Ask HN: What tool you use for notes and to organise thoughts? - codesternews
======
astrikos
I’m in university so I use OneNote for hand drawn diagrams. I eventually want
an Apple Pencil and upgraded iPad and use good notes, but I don’t have the
dollars right now haha. OneNote is great because of the expandable canvas and
the handwriting recognition. I do like auto shapes feature of preview though.

I annotate PowerPoint slides directly with Preview.

For other notes, I use FSNotes which is like nvALT and it’s easily searchable
and quick to use.

I sometimes edit those MD notes in Typora.

I also like to curate ideas in a Gitbook, which I have public but it’s kinda
messy right now.
([https://index.kalispera.xyz/](https://index.kalispera.xyz/))

For some writing projects, I love Scrivener.

I kinda feel like I’m addicted to trying tools though oops.

------
pkalinowski
Apple Notes for quick stuff at work.

Had a stint with Microsoft OneNote, but I don't trust it to hold my data
reliably.

Ended up with Notes folder with Markdown files. It's very logical
(filesystem), easy to backup, version and transfer.

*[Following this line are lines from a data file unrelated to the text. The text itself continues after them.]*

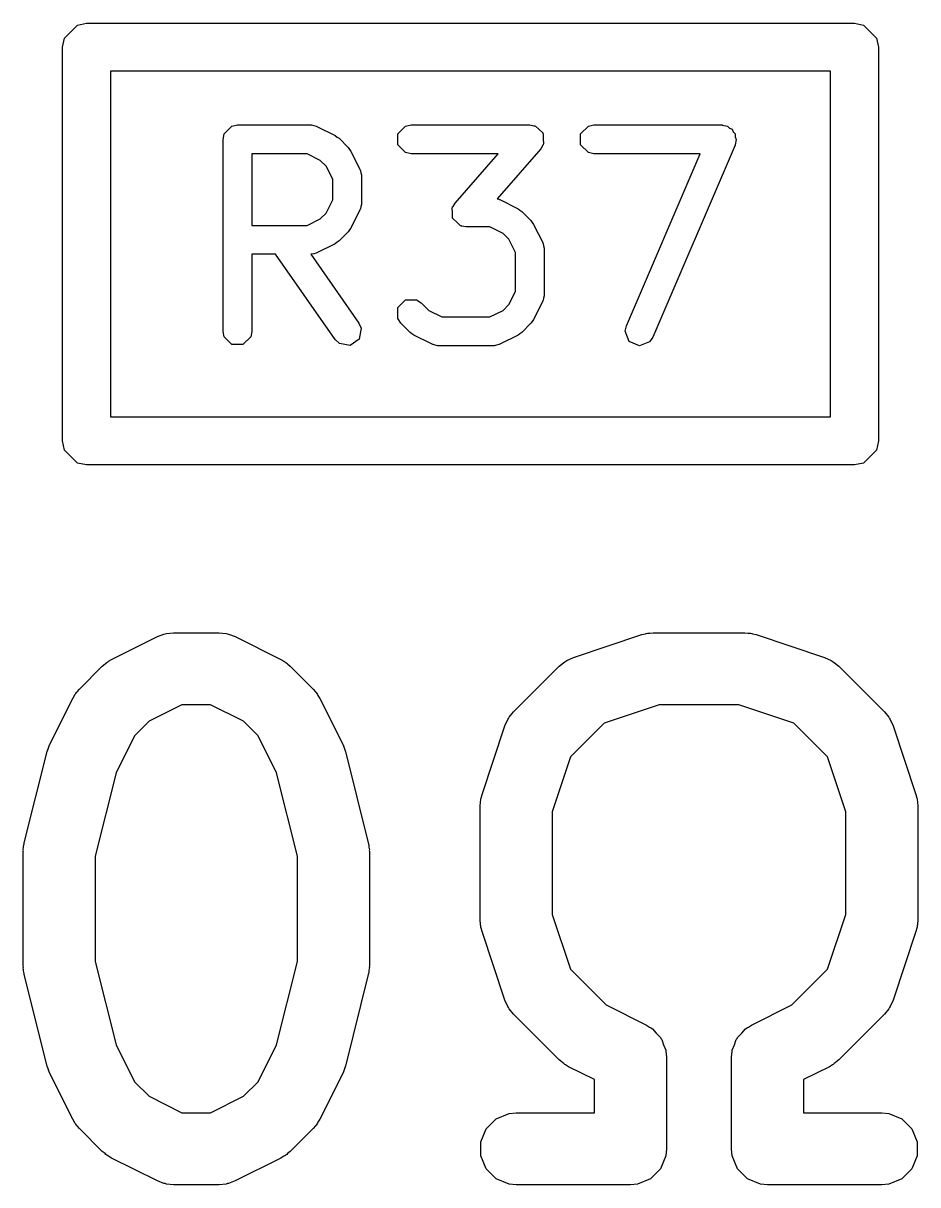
# Model space of a CAD drawing. Header units: millimetres. Extents: x 129 to 276, y -185 to -58.
# Drawn here: x 208.068 to 209.932, y -183.96 to -181.54 of the extents above; entities that cross this region are included whole.
import ezdxf

# ---------------------------------------------------------------- set-up
doc = ezdxf.new("R2010")
doc.units = ezdxf.units.MM
doc.layers.add('F.Fab', color=9, linetype='CONTINUOUS', true_color=0xafafaf)

msp = doc.modelspace()

# ---------------------------------------------------------------- linework, layer by layer
at = {"layer": 'F.Fab', "linetype": 'CONTINUOUS'}
for p, q in [((208.153806, -181.570866), (208.180866, -181.543806)), ((208.180866, -181.543806), (208.2, -181.54)), ((208.2, -181.54), (209.8, -181.54)), ((209.8, -181.54), (209.819134, -181.543806)), ((209.819134, -181.543806), (209.846194, -181.570866)), ((208.15, -181.59), (208.153806, -181.570866)), ((209.846194, -181.570866), (209.85, -181.59)), ((208.15, -182.41), (208.15, -181.59)), ((209.85, -181.59), (209.85, -182.41)), ((208.25, -181.64), (208.25, -182.36)), ((209.75, -181.64), (208.25, -181.64)), ((209.75, -182.36), (209.75, -181.64)), ((208.502805, -181.754211), (208.514286, -181.751927)), ((208.514286, -181.751927), (208.666667, -181.751927)), ((208.666667, -181.751927), (208.668141, -181.75222)), ((208.668141, -181.75222), (208.668793, -181.752003)), ((208.668793, -181.752003), (208.673429, -181.753272)), ((208.864709, -181.754211), (208.87619, -181.751927)), ((208.87619, -181.751927), (209.123809, -181.751927)), ((209.123809, -181.751927), (209.132173, -181.753591)), ((209.245661, -181.754211), (209.257142, -181.751927)), ((209.257142, -181.751927), (209.523809, -181.751927)), ((209.523809, -181.751927), (209.524057, -181.751976)), ((209.524057, -181.751976), (209.524174, -181.75193)), ((209.524174, -181.75193), (209.524477, -181.752059)), ((209.524477, -181.752059), (209.53529, -181.754211)), ((208.484286, -181.781927), (208.48657, -181.770446)), ((208.48657, -181.770446), (208.502805, -181.754211)), ((208.673429, -181.753272), (208.678148, -181.754211)), ((208.678148, -181.754211), (208.678634, -181.754697)), ((208.678634, -181.754697), (208.680084, -181.755094)), ((208.680084, -181.755094), (208.718179, -181.774142)), ((208.718179, -181.774142), (208.721982, -181.777094)), ((208.848474, -181.770446), (208.864709, -181.754211)), ((208.848474, -181.793408), (208.848474, -181.770446)), ((209.132173, -181.753591), (209.13342, -181.753508)), ((209.13342, -181.753508), (209.133909, -181.753936)), ((209.133909, -181.753936), (209.13529, -181.754211)), ((209.13529, -181.754211), (209.142756, -181.761677)), ((209.142756, -181.761677), (209.150701, -181.768629)), ((209.150701, -181.768629), (209.150771, -181.769692)), ((209.150771, -181.769692), (209.151525, -181.770446)), ((209.151525, -181.770446), (209.151525, -181.780991)), ((209.229426, -181.770446), (209.245661, -181.754211)), ((209.229426, -181.793408), (209.229426, -181.770446)), ((209.53529, -181.754211), (209.539634, -181.758555)), ((209.539634, -181.758555), (209.54528, -181.760975)), ((209.54528, -181.760975), (209.54743, -181.766351)), ((209.54743, -181.766351), (209.551525, -181.770446)), ((209.551525, -181.770446), (209.551525, -181.776587)), ((209.551525, -181.776587), (209.553807, -181.782292)), ((208.484286, -182.181927), (208.484286, -181.781927)), ((208.721982, -181.777094), (208.725975, -181.779762)), ((208.725975, -181.779762), (208.745023, -181.798809)), ((208.745023, -181.798809), (208.747699, -181.802815)), ((208.864709, -181.809643), (208.848474, -181.793408)), ((209.150643, -181.794289), (209.146386, -181.801682)), ((209.151525, -181.793408), (209.150643, -181.794289)), ((209.151525, -181.780991), (209.152228, -181.791538)), ((209.152228, -181.791538), (209.151525, -181.792758)), ((209.151525, -181.792758), (209.151525, -181.793408)), ((209.245661, -181.809643), (209.229426, -181.793408)), ((209.551383, -181.793745), (209.379954, -182.193745)), ((209.551435, -181.793497), (209.551383, -181.793745)), ((209.551525, -181.793408), (209.551435, -181.793497)), ((209.553807, -181.782292), (209.551525, -181.793074)), ((209.551525, -181.793074), (209.551525, -181.793408)), ((208.659584, -181.811927), (208.544286, -181.811927)), ((208.544286, -181.811927), (208.544286, -181.961451)), ((208.686991, -181.82563), (208.659584, -181.811927)), ((208.747699, -181.802815), (208.750642, -181.806606)), ((208.750642, -181.806606), (208.76969, -181.844702)), ((208.87619, -181.811927), (208.864709, -181.809643)), ((209.057696, -181.811927), (208.87619, -181.811927)), ((208.967899, -181.914553), (209.057696, -181.811927)), ((209.146386, -181.801682), (209.055258, -181.905827)), ((209.257142, -181.811927), (209.245661, -181.809643)), ((209.478313, -181.811927), (209.257142, -181.811927)), ((209.324806, -182.170109), (209.478313, -181.811927)), ((208.699153, -181.837793), (208.686991, -181.82563)), ((208.712857, -181.8652), (208.699153, -181.837793)), ((208.76969, -181.844702), (208.770086, -181.84615)), ((208.770086, -181.84615), (208.770573, -181.846637)), ((208.770573, -181.846637), (208.77151, -181.851348)), ((208.712857, -181.908177), (208.712857, -181.8652)), ((208.77151, -181.851348), (208.772782, -181.855992)), ((208.772782, -181.855992), (208.772564, -181.856645)), ((208.772564, -181.856645), (208.772857, -181.858118)), ((208.772857, -181.858118), (208.772857, -181.91526)), ((208.699153, -181.935584), (208.712857, -181.908177)), ((208.772782, -181.917386), (208.77151, -181.922029)), ((208.772857, -181.91526), (208.772564, -181.916732)), ((208.772564, -181.916732), (208.772782, -181.917386)), ((208.96276, -181.922827), (208.963641, -181.921945)), ((208.963641, -181.921945), (208.967899, -181.914553)), ((209.055258, -181.905827), (209.0591, -181.906592)), ((209.0591, -181.906592), (209.059586, -181.907078)), ((209.059586, -181.907078), (209.061036, -181.907475)), ((209.061036, -181.907475), (209.099131, -181.926523)), ((208.686991, -181.947747), (208.699153, -181.935584)), ((208.76969, -181.928676), (208.750642, -181.966772)), ((208.770086, -181.927227), (208.76969, -181.928676)), ((208.770573, -181.926741), (208.770086, -181.927227)), ((208.77151, -181.922029), (208.770573, -181.926741)), ((208.962057, -181.924697), (208.96276, -181.923476)), ((208.96276, -181.935236), (208.962057, -181.924697)), ((208.96276, -181.923476), (208.96276, -181.922827)), ((208.96276, -181.945789), (208.96276, -181.935236)), ((208.963514, -181.946543), (208.96276, -181.945789)), ((209.099131, -181.926523), (209.102927, -181.92947)), ((209.102927, -181.92947), (209.106927, -181.932142)), ((209.106927, -181.932142), (209.125974, -181.951189)), ((208.544286, -181.961451), (208.659584, -181.961451)), ((208.659584, -181.961451), (208.686991, -181.947747)), ((208.750642, -181.966772), (208.747699, -181.970562)), ((208.963585, -181.947606), (208.963514, -181.946543)), ((208.971524, -181.954553), (208.963585, -181.947606)), ((208.978995, -181.962024), (208.971524, -181.954553)), ((208.980375, -181.962298), (208.978995, -181.962024)), ((208.980865, -181.962727), (208.980375, -181.962298)), ((208.982111, -181.962643), (208.980865, -181.962727)), ((208.990476, -181.964308), (208.982111, -181.962643)), ((209.040536, -181.964308), (208.990476, -181.964308)), ((209.067942, -181.978011), (209.040536, -181.964308)), ((209.125974, -181.951189), (209.128645, -181.955186)), ((209.128645, -181.955186), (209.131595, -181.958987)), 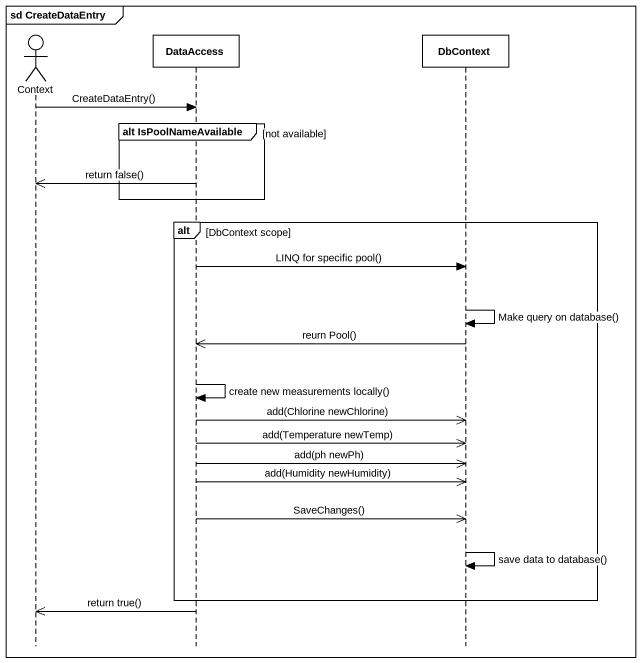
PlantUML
@startuml
mainframe sd CreateDataEntry
hide footbox
actor Context
participant DataAccess
participant DbContext

Context -> DataAccess : CreateDataEntry()
group alt IsPoolNameAvailable [not available]
  DataAccess ->> Context : return false()
end
alt DbContext scope
  DataAccess -> DbContext : LINQ for specific pool()
  DbContext -> DbContext : Make query on database()
  DbContext ->> DataAccess : reurn Pool()
  DataAccess -> DataAccess : create new measurements locally()
  DataAccess ->> DbContext : add(Chlorine newChlorine)
  DataAccess ->> DbContext : add(Temperature newTemp)
  DataAccess ->> DbContext : add(ph newPh)
  DataAccess ->> DbContext : add(Humidity newHumidity)
  DataAccess ->> DbContext : SaveChanges()
  DbContext -> DbContext : save data to database()
end
DataAccess ->> Context : return true()
@enduml

Visual Studio Code is my editor of choice. I'm using custom workspace settings
which changes my theme to lighter one, bigger fonts etc whenever I open any
note.

It's not perfect. Everytime I want to create note I need to create new file,
choose its name and add ".md" extension. It takes 3 seconds, but simple CMD+N
would be easier.

------
miccah
I use Zim Wiki [1]. I like the hierarchical structure plus the ability to link
to any other page internally. It does a good job of staying out of your way
and has support for check boxes, searching, and various plugins. It also saves
to disk in plaintext so I can version control it.

[1] [https://zim-wiki.org/](https://zim-wiki.org/)

------
morninglight
It's small, simple, unobtrusive, free and portable- It is also old and
unmaintained, but I love it. Just unzip and run. No installation required.
[http://theguide.sourceforge.net/](http://theguide.sourceforge.net/)

------
randomor
For notes, I use Apple Notes. For organizing thoughts, I created an app called
ZenJournal that was showcased here last week:
[https://news.ycombinator.com/item?id=21876939](https://news.ycombinator.com/item?id=21876939)

------
larmstrong
I use Dynalist ([https://dynalist.io/](https://dynalist.io/)), which is a
cross platform infinitely nested list tool that has a ton of features.

------
LMMojo
Depends on where I am, and who the notes are for.

Random location, I use my MobiScribe.

At my computer, either the MobiScribe, or Tomboy Notes, sorry of a personal
wiki.

At work, possibly needing to be read by others, our group's Knowledge Base,
managed by Confluence.

------
HenryKissinger
Good old Notepad.